MATERIAL TO PROCESS section start

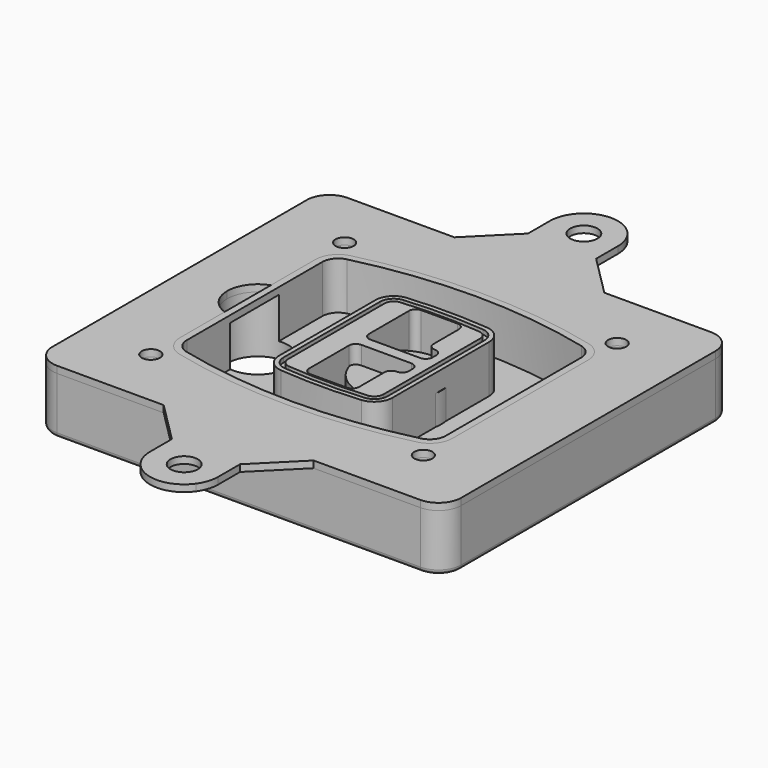
from build123d import *

# Parameters (mm, degrees)
F0_R      = 4
F1_DEPTH  = 25
F2_DEPTH  = 3
F3_DEPTH  = 18
F5_DEPTH  = 21
F6_DEPTH  = 2
F8_DEPTH  = 20
F9_DEPTH  = 16
F10_DEPTH = 25
F7_R      = 6
F7_R_2    = 4
F11_DEPTH = 6
F13_DEPTH = 9
F15_R     = 2
F16_R     = 6
F16_R_2   = 4
F17_DEPTH = 3


# Not quite as in the source:
# - a feature of the source that left no trace in its solid (it failed there, or was rolled back) is left out
# - a feature names something its author has since deleted; it is built from what else it names


with BuildPart() as f1:
    # F0 (on Top) → F1 (new body)
    with BuildSketch(Plane.XY):
        with BuildLine():
            ThreePointArc((-90, -70), (-87.0710678119, -77.0710678119), (-80, -80))
            Line((-80, -80), (80, -80))
            ThreePointArc((80, -80), (87.0710678119, -77.0710678119), (90, -70))
            Line((90, -70), (90, 70))
            ThreePointArc((90, 70), (87.0710678119, 77.0710678119), (80, 80))
            Line((80, 80), (-80, 80))
            ThreePointArc((-80, 80), (-87.0710678119, 77.0710678119), (-90, 70))
            Line((-90, 70), (-90, -70))
        make_face()
        with Locations((-60, -53.3333333333)):
            Circle(F0_R, mode=Mode.SUBTRACT)
        with Locations((60, -53.3333333333)):
            Circle(F0_R, mode=Mode.SUBTRACT)
        with Locations((-60, 53.3333333333)):
            Circle(F0_R, mode=Mode.SUBTRACT)
        with BuildLine():
            ThreePointArc((-64, 37.2990447398), (-61.0143011354, 45.9411029726), (-53.3306899286, 50.8970778549))
            ThreePointArc((-53.3306899286, 50.8970778549), (0, 57.3333333333), (53.3306899286, 50.8970778549))
            ThreePointArc((53.3306899286, 50.8970778549), (61.0143011354, 45.9411029726), (64, 37.2990447398))
            Line((64, 37.2990447398), (64, -37.2990447398))
            ThreePointArc((64, -37.2990447398), (61.0143011354, -45.9411029726), (53.3306899286, -50.8970778549))
            ThreePointArc((53.3306899286, -50.8970778549), (0, -57.3333333333), (-53.3306899286, -50.8970778549))
            ThreePointArc((-53.3306899286, -50.8970778549), (-61.0143011354, -45.9411029726), (-64, -37.2990447398))
            Line((-64, -37.2990447398), (-64, 37.2990447398))
        make_face(mode=Mode.SUBTRACT)
        with Locations((60, 53.3333333333)):
            Circle(F0_R, mode=Mode.SUBTRACT)
        with BuildLine():
            ThreePointArc((53.3306899286, 50.8970778549), (0, 57.3333333333), (-53.3306899286, 50.8970778549))
            ThreePointArc((-53.3306899286, 50.8970778549), (-61.0143011354, 45.9411029726), (-64, 37.2990447398))
            Line((-64, 37.2990447398), (-64, -37.2990447398))
            ThreePointArc((-64, -37.2990447398), (-61.0143011354, -45.9411029726), (-53.3306899286, -50.8970778549))
            ThreePointArc((-53.3306899286, -50.8970778549), (0, -57.3333333333), (53.3306899286, -50.8970778549))
            ThreePointArc((53.3306899286, -50.8970778549), (61.0143011354, -45.9411029726), (64, -37.2990447398))
            Line((64, -37.2990447398), (64, 37.2990447398))
            ThreePointArc((64, 37.2990447398), (61.0143011354, 45.9411029726), (53.3306899286, 50.8970778549))
        make_face()
        with BuildLine():
            Line((-60, -37.2990447398), (-60, 37.2990447398))
            ThreePointArc((-60, 37.2990447398), (-57.8673579538, 43.4719434775), (-52.3790642347, 47.0119255363))
            ThreePointArc((-52.3790642347, 47.0119255363), (0, 53.3333333333), (52.3790642347, 47.0119255363))
            ThreePointArc((52.3790642347, 47.0119255363), (57.8673579538, 43.4719434775), (60, 37.2990447398))
            Line((60, 37.2990447398), (60, -37.2990447398))
            ThreePointArc((60, -37.2990447398), (57.8673579538, -43.4719434775), (52.3790642347, -47.0119255363))
            ThreePointArc((52.3790642347, -47.0119255363), (0, -53.3333333333), (-52.3790642347, -47.0119255363))
            ThreePointArc((-52.3790642347, -47.0119255363), (-57.8673579538, -43.4719434775), (-60, -37.2990447398))
        make_face(mode=Mode.SUBTRACT)
        with BuildLine():
            ThreePointArc((-52.3790642347, 47.0119255363), (-57.8673579538, 43.4719434775), (-60, 37.2990447398))
            Line((-60, 37.2990447398), (-60, -37.2990447398))
            ThreePointArc((-60, -37.2990447398), (-57.8673579538, -43.4719434775), (-52.3790642347, -47.0119255363))
            ThreePointArc((-52.3790642347, -47.0119255363), (0, -53.3333333333), (52.3790642347, -47.0119255363))
            ThreePointArc((52.3790642347, -47.0119255363), (57.8673579538, -43.4719434775), (60, -37.2990447398))
            Line((60, -37.2990447398), (60, 37.2990447398))
            ThreePointArc((60, 37.2990447398), (57.8673579538, 43.4719434775), (52.3790642347, 47.0119255363))
            ThreePointArc((52.3790642347, 47.0119255363), (0, 53.3333333333), (-52.3790642347, 47.0119255363))
        make_face()
        with BuildLine():
            ThreePointArc((51.6653449643, 44.0980612973), (55.5071505677, 41.6200738562), (57, 37.2990447398))
            Line((57, 37.2990447398), (57, -37.2990447398))
            ThreePointArc((57, -37.2990447398), (55.5071505677, -41.6200738562), (51.6653449643, -44.0980612973))
            ThreePointArc((51.6653449643, -44.0980612973), (0, -50.3333333333), (-51.6653449643, -44.0980612973))
            ThreePointArc((-51.6653449643, -44.0980612973), (-55.5071505677, -41.6200738562), (-57, -37.2990447398))
            Line((-57, -37.2990447398), (-57, 37.2990447398))
            ThreePointArc((-57, 37.2990447398), (-55.5071505677, 41.6200738562), (-51.6653449643, 44.0980612973))
            ThreePointArc((-51.6653449643, 44.0980612973), (0, 50.3333333333), (51.6653449643, 44.0980612973))
        make_face(mode=Mode.SUBTRACT)
        with BuildLine():
            Line((57, -37.2990447398), (57, 37.2990447398))
            ThreePointArc((57, 37.2990447398), (55.5071505677, 41.6200738562), (51.6653449643, 44.0980612973))
            ThreePointArc((51.6653449643, 44.0980612973), (0, 50.3333333333), (-51.6653449643, 44.0980612973))
            ThreePointArc((-51.6653449643, 44.0980612973), (-55.5071505677, 41.6200738562), (-57, 37.2990447398))
            Line((-57, 37.2990447398), (-57, -37.2990447398))
            ThreePointArc((-57, -37.2990447398), (-55.5071505677, -41.6200738562), (-51.6653449643, -44.0980612973))
            ThreePointArc((-51.6653449643, -44.0980612973), (0, -50.3333333333), (51.6653449643, -44.0980612973))
            ThreePointArc((51.6653449643, -44.0980612973), (55.5071505677, -41.6200738562), (57, -37.2990447398))
        make_face()
    extrude(amount=-F1_DEPTH)

    # F0 (on Top) → F2 (join)
    with BuildSketch(Plane.XY):
        with BuildLine():
            ThreePointArc((-52.3790642347, 47.0119255363), (-57.8673579538, 43.4719434775), (-60, 37.2990447398))
            Line((-60, 37.2990447398), (-60, -37.2990447398))
            ThreePointArc((-60, -37.2990447398), (-57.8673579538, -43.4719434775), (-52.3790642347, -47.0119255363))
            ThreePointArc((-52.3790642347, -47.0119255363), (0, -53.3333333333), (52.3790642347, -47.0119255363))
            ThreePointArc((52.3790642347, -47.0119255363), (57.8673579538, -43.4719434775), (60, -37.2990447398))
            Line((60, -37.2990447398), (60, 37.2990447398))
            ThreePointArc((60, 37.2990447398), (57.8673579538, 43.4719434775), (52.3790642347, 47.0119255363))
            ThreePointArc((52.3790642347, 47.0119255363), (0, 53.3333333333), (-52.3790642347, 47.0119255363))
        make_face()
        with BuildLine():
            ThreePointArc((51.6653449643, 44.0980612973), (55.5071505677, 41.6200738562), (57, 37.2990447398))
            Line((57, 37.2990447398), (57, -37.2990447398))
            ThreePointArc((57, -37.2990447398), (55.5071505677, -41.6200738562), (51.6653449643, -44.0980612973))
            ThreePointArc((51.6653449643, -44.0980612973), (0, -50.3333333333), (-51.6653449643, -44.0980612973))
            ThreePointArc((-51.6653449643, -44.0980612973), (-55.5071505677, -41.6200738562), (-57, -37.2990447398))
            Line((-57, -37.2990447398), (-57, 37.2990447398))
            ThreePointArc((-57, 37.2990447398), (-55.5071505677, 41.6200738562), (-51.6653449643, 44.0980612973))
            ThreePointArc((-51.6653449643, 44.0980612973), (0, 50.3333333333), (51.6653449643, 44.0980612973))
        make_face(mode=Mode.SUBTRACT)
    extrude(amount=F2_DEPTH)

    # F0 (on Top) → F3 (cut)
    with BuildSketch(Plane.XY):
        with BuildLine():
            Line((57, -37.2990447398), (57, 37.2990447398))
            ThreePointArc((57, 37.2990447398), (55.5071505677, 41.6200738562), (51.6653449643, 44.0980612973))
            ThreePointArc((51.6653449643, 44.0980612973), (0, 50.3333333333), (-51.6653449643, 44.0980612973))
            ThreePointArc((-51.6653449643, 44.0980612973), (-55.5071505677, 41.6200738562), (-57, 37.2990447398))
            Line((-57, 37.2990447398), (-57, -37.2990447398))
            ThreePointArc((-57, -37.2990447398), (-55.5071505677, -41.6200738562), (-51.6653449643, -44.0980612973))
            ThreePointArc((-51.6653449643, -44.0980612973), (0, -50.3333333333), (51.6653449643, -44.0980612973))
            ThreePointArc((51.6653449643, -44.0980612973), (55.5071505677, -41.6200738562), (57, -37.2990447398))
        make_face()
    extrude(amount=-F3_DEPTH, mode=Mode.SUBTRACT)

    # F4 (on face) → F5 (join, through all)
    with BuildSketch(Plane.XY.offset(3)):
        with BuildLine():
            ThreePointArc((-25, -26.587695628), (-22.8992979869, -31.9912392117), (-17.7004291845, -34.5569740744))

MATERIAL TO PROCESS section end

◆ **ACTION ITEM**: Of the entries above, tally the lines with "Locations" in them. Only the total should be given.

◆ **RESULT FOR THIS TASK**: 4